Visualize the electric field as having direction parallel to the vertical bars of the screen while the magnetic field's direction is parallel to the horizontal bars (this puts the two fields at right angles to each other). At the same time imagine, the entire screen as moving directly away from you on the page or moving directly straight out of the page thus placing each field at right angles to the direction of motion (motor generator action).

When a field moves past an electrical conductor, a current determined by the field will flow in the conductor.

This happens because an electric field is always present whenever either kind of field moves, and an electric field implies a voltage difference between the stronger and weaker parts of the field. But a voltage difference if connected across a conductor, forces current flow within the conductor, as a result current flows whenever a field moves past a conductor (current flow = magnetic field).
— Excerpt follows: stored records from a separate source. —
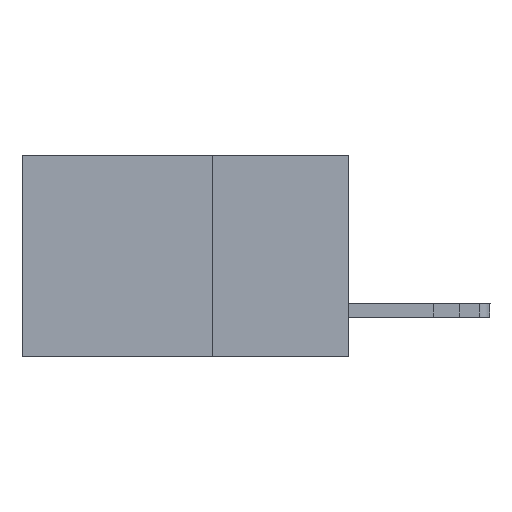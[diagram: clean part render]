
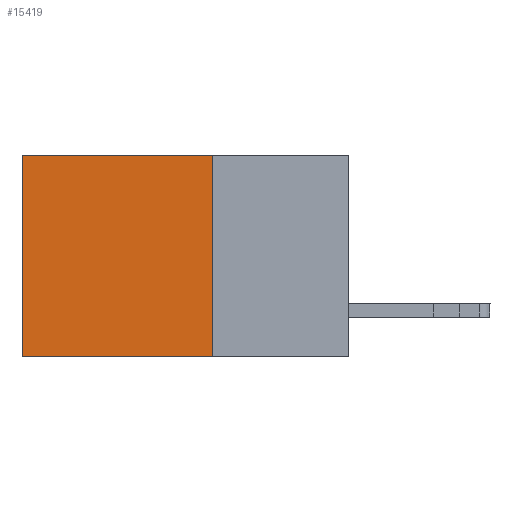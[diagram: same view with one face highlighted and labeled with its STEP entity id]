
A CAD part, left-side view. The second image highlights one B-rep face of the part: STEP entity #15419.
In plain terms, the highlighted planar face has unit normal (-1, 0, 0).
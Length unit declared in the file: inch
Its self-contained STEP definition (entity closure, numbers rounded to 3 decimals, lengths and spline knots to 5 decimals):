
#699 = VERTEX_POINT ( 'NONE', #14210 ) ;
#1069 = LINE ( 'NONE', #6308, #4427 ) ;
#2004 = LINE ( 'NONE', #8329, #5322 ) ;
#2881 = AXIS2_PLACEMENT_3D ( 'NONE', #4129, #14076, #5576 ) ;
#3332 = EDGE_CURVE ( 'NONE', #18162, #9847, #2004, .T. ) ;
#4075 = PLANE ( 'NONE',  #2881 ) ;
#4129 = CARTESIAN_POINT ( 'NONE',  ( 0.2615, 0.25, -0.37 ) ) ;
#4427 = VECTOR ( 'NONE', #6259, 39.37008 ) ;
#4711 = EDGE_LOOP ( 'NONE', ( #10421, #4732, #11437, #14137 ) ) ;
#4732 = ORIENTED_EDGE ( 'NONE', *, *, #8396, .F. ) ;
#4922 = CARTESIAN_POINT ( 'NONE',  ( 0.2615, 0.6, -0.37 ) ) ;
#5322 = VECTOR ( 'NONE', #8306, 39.37008 ) ;
#5576 = DIRECTION ( 'NONE',  ( 0., 0., -1. ) ) ;
#6259 = DIRECTION ( 'NONE',  ( 0., 1., 0. ) ) ;
#6308 = CARTESIAN_POINT ( 'NONE',  ( 0.2615, 0.25, -0.37 ) ) ;
#7168 = LINE ( 'NONE', #12123, #10956 ) ;
#8239 = FACE_OUTER_BOUND ( 'NONE', #4711, .T. ) ;
#8306 = DIRECTION ( 'NONE',  ( 0., 1., 0. ) ) ;
#8329 = CARTESIAN_POINT ( 'NONE',  ( 0.2615, 0.25, 0. ) ) ;
#8396 = EDGE_CURVE ( 'NONE', #17721, #699, #1069, .T. ) ;
#8679 = CARTESIAN_POINT ( 'NONE',  ( 0.2615, 0.6, 0. ) ) ;
#9211 = CARTESIAN_POINT ( 'NONE',  ( 0.2615, 0.25, 0. ) ) ;
#9674 = CARTESIAN_POINT ( 'NONE',  ( 0.2615, 0.25, -0.37 ) ) ;
#9847 = VERTEX_POINT ( 'NONE', #8679 ) ;
#10421 = ORIENTED_EDGE ( 'NONE', *, *, #13018, .T. ) ;
#10956 = VECTOR ( 'NONE', #16359, 39.37008 ) ;
#11437 = ORIENTED_EDGE ( 'NONE', *, *, #12414, .F. ) ;
#12123 = CARTESIAN_POINT ( 'NONE',  ( 0.2615, 0.25, -0.37 ) ) ;
#12414 = EDGE_CURVE ( 'NONE', #18162, #17721, #7168, .T. ) ;
#13018 = EDGE_CURVE ( 'NONE', #9847, #699, #17990, .T. ) ;
#14076 = DIRECTION ( 'NONE',  ( 1., 0., 0. ) ) ;
#14137 = ORIENTED_EDGE ( 'NONE', *, *, #3332, .T. ) ;
#14210 = CARTESIAN_POINT ( 'NONE',  ( 0.2615, 0.6, -0.37 ) ) ;
#14262 = VECTOR ( 'NONE', #16279, 39.37008 ) ;
#15419 = ADVANCED_FACE ( 'NONE', ( #8239 ), #4075, .F. ) ;
#16279 = DIRECTION ( 'NONE',  ( 0., 0., -1. ) ) ;
#16359 = DIRECTION ( 'NONE',  ( 0., 0., -1. ) ) ;
#17721 = VERTEX_POINT ( 'NONE', #9674 ) ;
#17990 = LINE ( 'NONE', #4922, #14262 ) ;
#18162 = VERTEX_POINT ( 'NONE', #9211 ) ;

Likewise when a current flows, magnetic fields accompany it. Trying to say for certain which generates what is really a bit like the chicken and egg priority! At any rate currents and fields go hand in hand.

This effect is actually the basis of all electrical theory since it makes possible the generation of both AC and DC currents. The movement of magnetic fields past conductors or vice versa and the transformation of AC voltages to higher or lower levels by induced magnetic fields through current flowing in the primary of a transformer, then recovering the current from the field in the secondary. Also motors are no more than rotating fields fastened to a shaft with a pully at one end.

It is also the basis of our hobby, since all radio energy travels in these fields from antenna to antenna.

It has been noted that any field in motion automatically generates one of the other kinds of fields to accompany it. There is a special name for such a pair of fields in transit from somewhere to someplace else. It is an expression we have all used: "Wave", but more specifically it would be Electromagetic Wave

In Summary:

1. Fields have intensity and direction
   
2. The "E" field is measured in volts, pos. or neg.
   
3. The "H" field is measured in gauss north or south.
   
4. When one field begins to move, it automatically generates the other field to accompany the first type of field.
   

A graph of the changes with time in the electric field strength E and the magnetic induction B as an electromagnetic wave passes an observer.

Fig. 1b - The electromagnetic wave in transit.